The will for justice is built into the very fabric of things. The power of life itself seeks for all things to live together in community. So the Psalmist says, "The heavens proclaim [God's] righteousness" (97:6).
Now this may seem a little far-out, the frog croaking for justice. But some of us have experienced this: nature bearing its own witness, calling us to community and support in relationship. A family several years ago began a backyard vegetable garden. The father of the family says:

"At first, the garden was just a place to work. You turn the soil and water it, and things grow. But, to use Martin Buber, the famous Jewish philosopher's expression, I gradually began to sense that the garden was a kind of "Thou." I began to sense that the garden was a genuine Other. I became aware of the constant presence of the life-force and the dazzling diversity of the vegetables. And when things grow together at their best, the garden is a picture of what God intends for all.

"I got a lot of help with sermons out there, talking things over with the potatoes. Actually, I talked with the corn (since it has ears), but the potatoes did look over my notes (with their eyes)."

So, on your way home from church today, look around. Smell the fresh air. Take a look at the trees. Taste a glass of fresh, cool water. Listen to the birds. Witnesses. At their best, they are signs of God's presence and God's grace and God's will. Partners in the search for justice. And if you listen carefully, maybe you can hear them speak to you.
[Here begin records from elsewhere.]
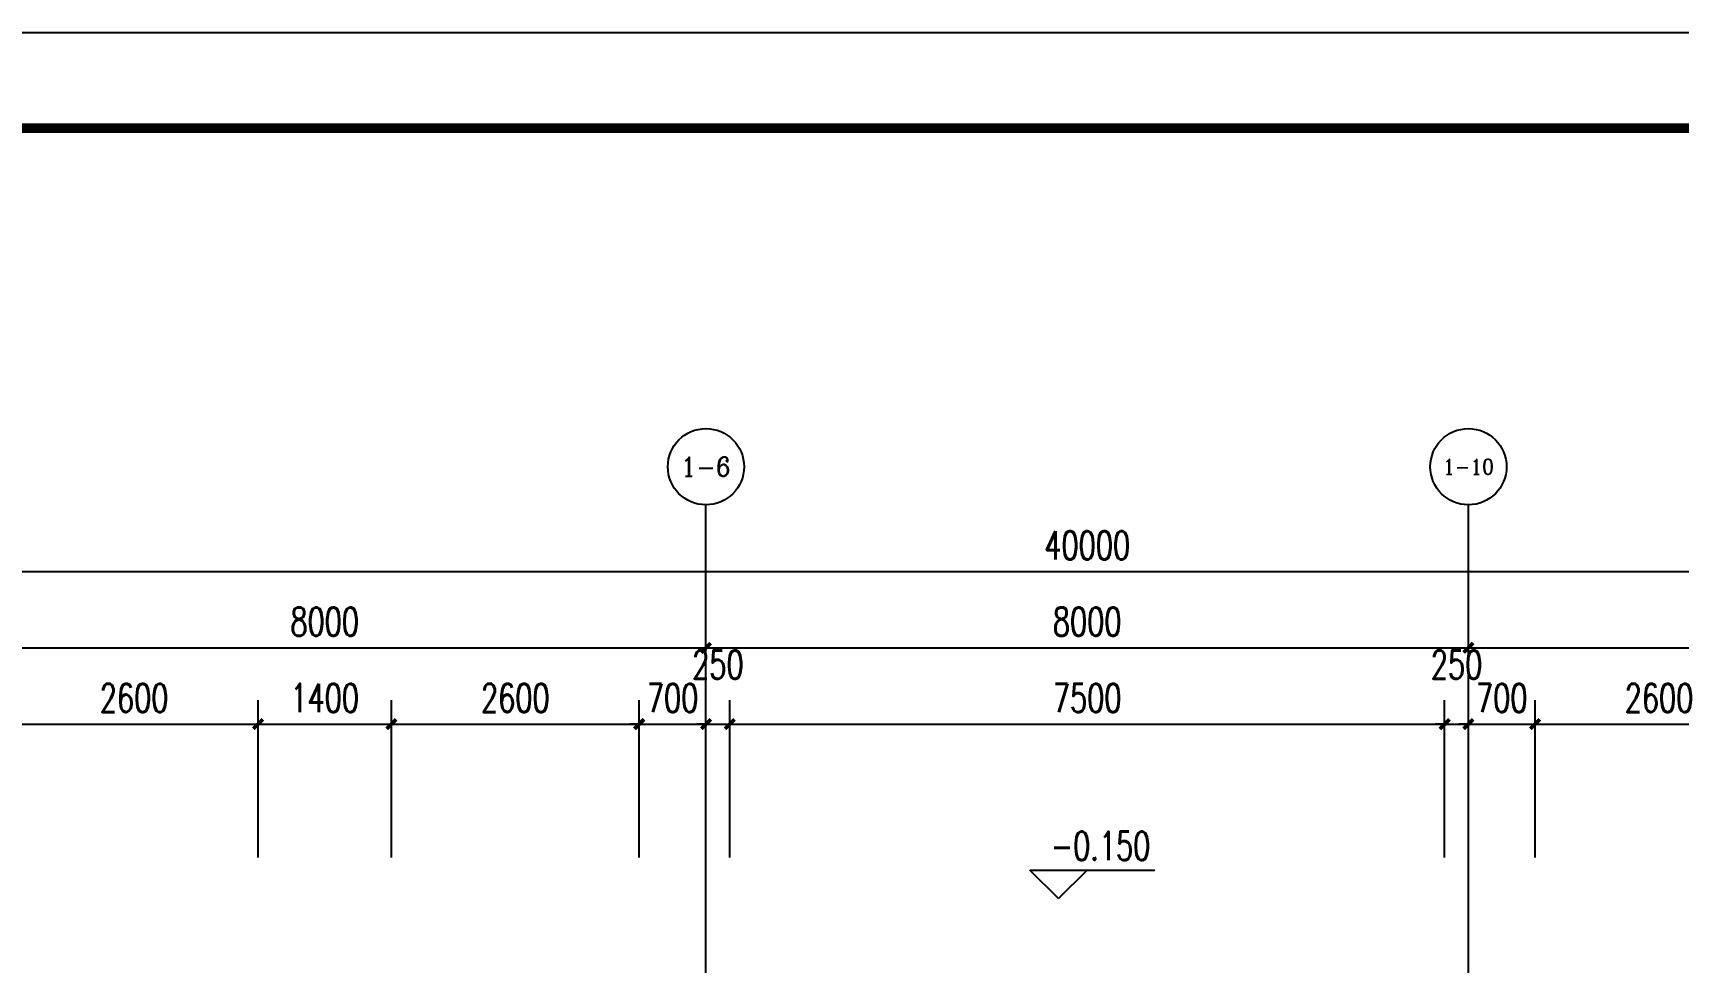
# Model space of a CAD drawing. Extents: x -6243262 to 3079315, y -2914302 to 172723.
# Drawn here: x -2539112 to -2521850, y -701099 to -691350 of the extents above; entities that cross this region are included whole.
import ezdxf
from ezdxf.enums import TextEntityAlignment as Align

# ---------------------------------------------------------------- set-up
doc = ezdxf.new("R2010")
doc.units = 0
doc.header["$LTSCALE"] = 1000
for name, color, linetype in [('AXIS', 3, 'Continuous'), ('AXIS_TEXT', 7, 'Continuous'), ('DIM_ELEV', 3, 'Continuous'), ('DOTE', 24, 'Continuous'), ('PUB_DIM', 3, 'Continuous'), ('PUB_TITLE', 4, 'Continuous')]:
    doc.layers.add(name, color=color, linetype=linetype)
doc.styles.add('_TCH_AXIS', font='COMPLEX', dxfattribs={"bigfont": 'GBCBIG'})
doc.styles.add('_TCH_DIM', font='SIMPLEX', dxfattribs={"bigfont": 'GBCBIG'})
doc.styles.add('_TCH_DIM_T3', font='SIMPLEX', dxfattribs={"width": 0.705882, "bigfont": 'GBCBIG'})
doc.styles.add('COMPLEX', font='COMPLEX')
doc.dimstyles.new('_TCH_ARCH&&100', dxfattribs={"dimtxt": 297.5, "dimasz": 100, "dimexe": 250, "dimexo": 300, "dimgap": 126.25, "dimtad": 1, "dimdec": 0, "dimzin": 0, "dimdsep": 46, "dimtxsty": '_TCH_DIM_T3', "dimblk": 'ARCHTICK', "dimcen": 0.09, "dimclrt": 7, "dimazin": 2, "dimtfac": 1, "dimtdec": 0, "dimtix": 1, "dimtmove": 2, "dimatfit": 3, "dimfxl": 0, "dimtolj": 1, "dimtzin": 0, "dimarcsym": 0})

# ---------------------------------------------------------------- blocks, each defined once
blk = doc.blocks.new('_AXISO')
at = {"color": 0}
blk.add_circle((0, 0), 0.5, dxfattribs=at)
at = {"layer": 'AXIS_TEXT', "color": 0, "style": 'COMPLEX', "width": 1.041667}
blk.add_attdef('A', text='', height=0.56, dxfattribs=at).set_placement((-0.25, -0.28), (0.25, -0.28), align=Align.FIT)
blk = doc.blocks.new('_ArchTick')
at = {"color": 0, "linetype": 'ByBlock', "const_width": 0.4}
blk.add_lwpolyline([(-0.5, -0.5), (0.5, 0.5)], dxfattribs=at)
blk = doc.blocks.new('*D1036')
at = {"layer": 'Defpoints', "color": 0, "transparency": 16777216}
for p in [(-2520750, -698602), (-2523350, -700302), (-2520750, -700302)]:
    blk.add_point(p, dxfattribs=at)
at = {"layer": 'PUB_DIM', "color": 0, "lineweight": -2, "transparency": 16777216}
for p, q in [((-2523350, -700002), (-2523350, -698352)), ((-2520750, -700002), (-2520750, -698352)), ((-2523350, -698602), (-2520750, -698602))]:
    blk.add_line(p, q, dxfattribs=at)
at = {"layer": 'PUB_DIM', "color": 0, "lineweight": -2, "transparency": 16777216, "xscale": 100, "yscale": 100, "zscale": 100, "rotation": 180}
blk.add_blockref('_ArchTick', (-2523350, -698602), dxfattribs=at)
at = {"layer": 'PUB_DIM', "color": 0, "lineweight": -2, "transparency": 16777216, "xscale": 100, "yscale": 100, "zscale": 100}
blk.add_blockref('_ArchTick', (-2520750, -698602), dxfattribs=at)
at = {"layer": 'PUB_DIM', "color": 7, "transparency": 16777216, "insert": (-2522050, -698327), "char_height": 297.5, "attachment_point": 5, "style": '_TCH_DIM_T3'}
blk.add_mtext('\\A1;2600', dxfattribs=at)
blk = doc.blocks.new('*D1037')
at = {"layer": 'Defpoints', "color": 0, "transparency": 16777216}
for p in [(-2523350, -698602), (-2524050, -700302), (-2523350, -700302)]:
    blk.add_point(p, dxfattribs=at)
at = {"layer": 'PUB_DIM', "color": 0, "lineweight": -2, "transparency": 16777216}
for p, q in [((-2524050, -700002), (-2524050, -698352)), ((-2523350, -700002), (-2523350, -698352)), ((-2524050, -698602), (-2524150, -698602)), ((-2524050, -698602), (-2523350, -698602)), ((-2523350, -698602), (-2523250, -698602))]:
    blk.add_line(p, q, dxfattribs=at)
at = {"layer": 'PUB_DIM', "color": 0, "lineweight": -2, "transparency": 16777216, "xscale": 100, "yscale": 100, "zscale": 100}
blk.add_blockref('_ArchTick', (-2524050, -698602), dxfattribs=at)
at = {"layer": 'PUB_DIM', "color": 0, "lineweight": -2, "transparency": 16777216, "xscale": 100, "yscale": 100, "zscale": 100, "rotation": 180}
blk.add_blockref('_ArchTick', (-2523350, -698602), dxfattribs=at)
at = {"layer": 'PUB_DIM', "color": 7, "transparency": 16777216, "insert": (-2523700, -698327), "char_height": 297.5, "attachment_point": 5, "style": '_TCH_DIM_T3'}
blk.add_mtext('\\A1;700', dxfattribs=at)
blk = doc.blocks.new('*D1038')
at = {"layer": 'Defpoints', "color": 0, "transparency": 16777216}
for p in [(-2524050, -698602), (-2524300, -700302), (-2524050, -700302)]:
    blk.add_point(p, dxfattribs=at)
at = {"layer": 'PUB_DIM', "color": 0, "lineweight": -2, "transparency": 16777216}
for p, q in [((-2524300, -700002), (-2524300, -698352)), ((-2524050, -700002), (-2524050, -698352)), ((-2524300, -698602), (-2524400, -698602)), ((-2524300, -698602), (-2524050, -698602)), ((-2524050, -698602), (-2523950, -698602))]:
    blk.add_line(p, q, dxfattribs=at)
at = {"layer": 'PUB_DIM', "color": 0, "lineweight": -2, "transparency": 16777216, "xscale": 100, "yscale": 100, "zscale": 100}
blk.add_blockref('_ArchTick', (-2524300, -698602), dxfattribs=at)
at = {"layer": 'PUB_DIM', "color": 0, "lineweight": -2, "transparency": 16777216, "xscale": 100, "yscale": 100, "zscale": 100, "rotation": 180}
blk.add_blockref('_ArchTick', (-2524050, -698602), dxfattribs=at)
at = {"layer": 'PUB_DIM', "color": 7, "transparency": 16777216, "insert": (-2524175, -697977), "char_height": 297.5, "attachment_point": 5, "style": '_TCH_DIM_T3'}
blk.add_mtext('\\A1;250', dxfattribs=at)
blk = doc.blocks.new('*D1039')
at = {"layer": 'Defpoints', "color": 0, "transparency": 16777216}
for p in [(-2524300, -698602), (-2531800, -700302), (-2524300, -700302)]:
    blk.add_point(p, dxfattribs=at)
at = {"layer": 'PUB_DIM', "color": 0, "lineweight": -2, "transparency": 16777216}
for p, q in [((-2531800, -700002), (-2531800, -698352)), ((-2524300, -700002), (-2524300, -698352)), ((-2531800, -698602), (-2524300, -698602))]:
    blk.add_line(p, q, dxfattribs=at)
at = {"layer": 'PUB_DIM', "color": 0, "lineweight": -2, "transparency": 16777216, "xscale": 100, "yscale": 100, "zscale": 100, "rotation": 180}
blk.add_blockref('_ArchTick', (-2531800, -698602), dxfattribs=at)
at = {"layer": 'PUB_DIM', "color": 0, "lineweight": -2, "transparency": 16777216, "xscale": 100, "yscale": 100, "zscale": 100}
blk.add_blockref('_ArchTick', (-2524300, -698602), dxfattribs=at)
at = {"layer": 'PUB_DIM', "color": 7, "transparency": 16777216, "insert": (-2528050, -698327), "char_height": 297.5, "attachment_point": 5, "style": '_TCH_DIM_T3'}
blk.add_mtext('\\A1;7500', dxfattribs=at)
blk = doc.blocks.new('*D1040')
at = {"layer": 'Defpoints', "color": 0, "transparency": 16777216}
for p in [(-2531800, -698602), (-2532050, -700302), (-2531800, -700302)]:
    blk.add_point(p, dxfattribs=at)
at = {"layer": 'PUB_DIM', "color": 0, "lineweight": -2, "transparency": 16777216}
for p, q in [((-2532050, -700002), (-2532050, -698352)), ((-2531800, -700002), (-2531800, -698352)), ((-2532050, -698602), (-2532150, -698602)), ((-2532050, -698602), (-2531800, -698602)), ((-2531800, -698602), (-2531700, -698602))]:
    blk.add_line(p, q, dxfattribs=at)
at = {"layer": 'PUB_DIM', "color": 0, "lineweight": -2, "transparency": 16777216, "xscale": 100, "yscale": 100, "zscale": 100}
blk.add_blockref('_ArchTick', (-2532050, -698602), dxfattribs=at)
at = {"layer": 'PUB_DIM', "color": 0, "lineweight": -2, "transparency": 16777216, "xscale": 100, "yscale": 100, "zscale": 100, "rotation": 180}
blk.add_blockref('_ArchTick', (-2531800, -698602), dxfattribs=at)
at = {"layer": 'PUB_DIM', "color": 7, "transparency": 16777216, "insert": (-2531925, -697977), "char_height": 297.5, "attachment_point": 5, "style": '_TCH_DIM_T3'}
blk.add_mtext('\\A1;250', dxfattribs=at)
blk = doc.blocks.new('*D1041')
at = {"layer": 'Defpoints', "color": 0, "transparency": 16777216}
for p in [(-2532050, -698602), (-2532750, -700302), (-2532050, -700302)]:
    blk.add_point(p, dxfattribs=at)
at = {"layer": 'PUB_DIM', "color": 0, "lineweight": -2, "transparency": 16777216}
for p, q in [((-2532750, -700002), (-2532750, -698352)), ((-2532050, -700002), (-2532050, -698352)), ((-2532750, -698602), (-2532850, -698602)), ((-2532750, -698602), (-2532050, -698602)), ((-2532050, -698602), (-2531950, -698602))]:
    blk.add_line(p, q, dxfattribs=at)
at = {"layer": 'PUB_DIM', "color": 0, "lineweight": -2, "transparency": 16777216, "xscale": 100, "yscale": 100, "zscale": 100}
blk.add_blockref('_ArchTick', (-2532750, -698602), dxfattribs=at)
at = {"layer": 'PUB_DIM', "color": 0, "lineweight": -2, "transparency": 16777216, "xscale": 100, "yscale": 100, "zscale": 100, "rotation": 180}
blk.add_blockref('_ArchTick', (-2532050, -698602), dxfattribs=at)
at = {"layer": 'PUB_DIM', "color": 7, "transparency": 16777216, "insert": (-2532400, -698327), "char_height": 297.5, "attachment_point": 5, "style": '_TCH_DIM_T3'}
blk.add_mtext('\\A1;700', dxfattribs=at)
blk = doc.blocks.new('*D1042')
at = {"layer": 'Defpoints', "color": 0, "transparency": 16777216}
for p in [(-2532750, -698602), (-2535350, -700302), (-2532750, -700302)]:
    blk.add_point(p, dxfattribs=at)
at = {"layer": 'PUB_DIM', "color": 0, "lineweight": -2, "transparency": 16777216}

In the Beginning, not in time or space,
But in the quick before both space and time,
In Life, in Love, in co-inherent Grace,
In three in one and one in three, in rhyme,
In music, in the whole creation story,

In His own image, His imagination,
The Triune Poet makes us for this glory,
And makes us each the other's inspiration.
He calls us out of darkness, chaos, chance,
To improvise a music of our own,
To sing the chord that calls us to the dance,
Three notes resounding from a single tone,
To sing the End in whom we all begin;
Our God beyond, beside us, and within.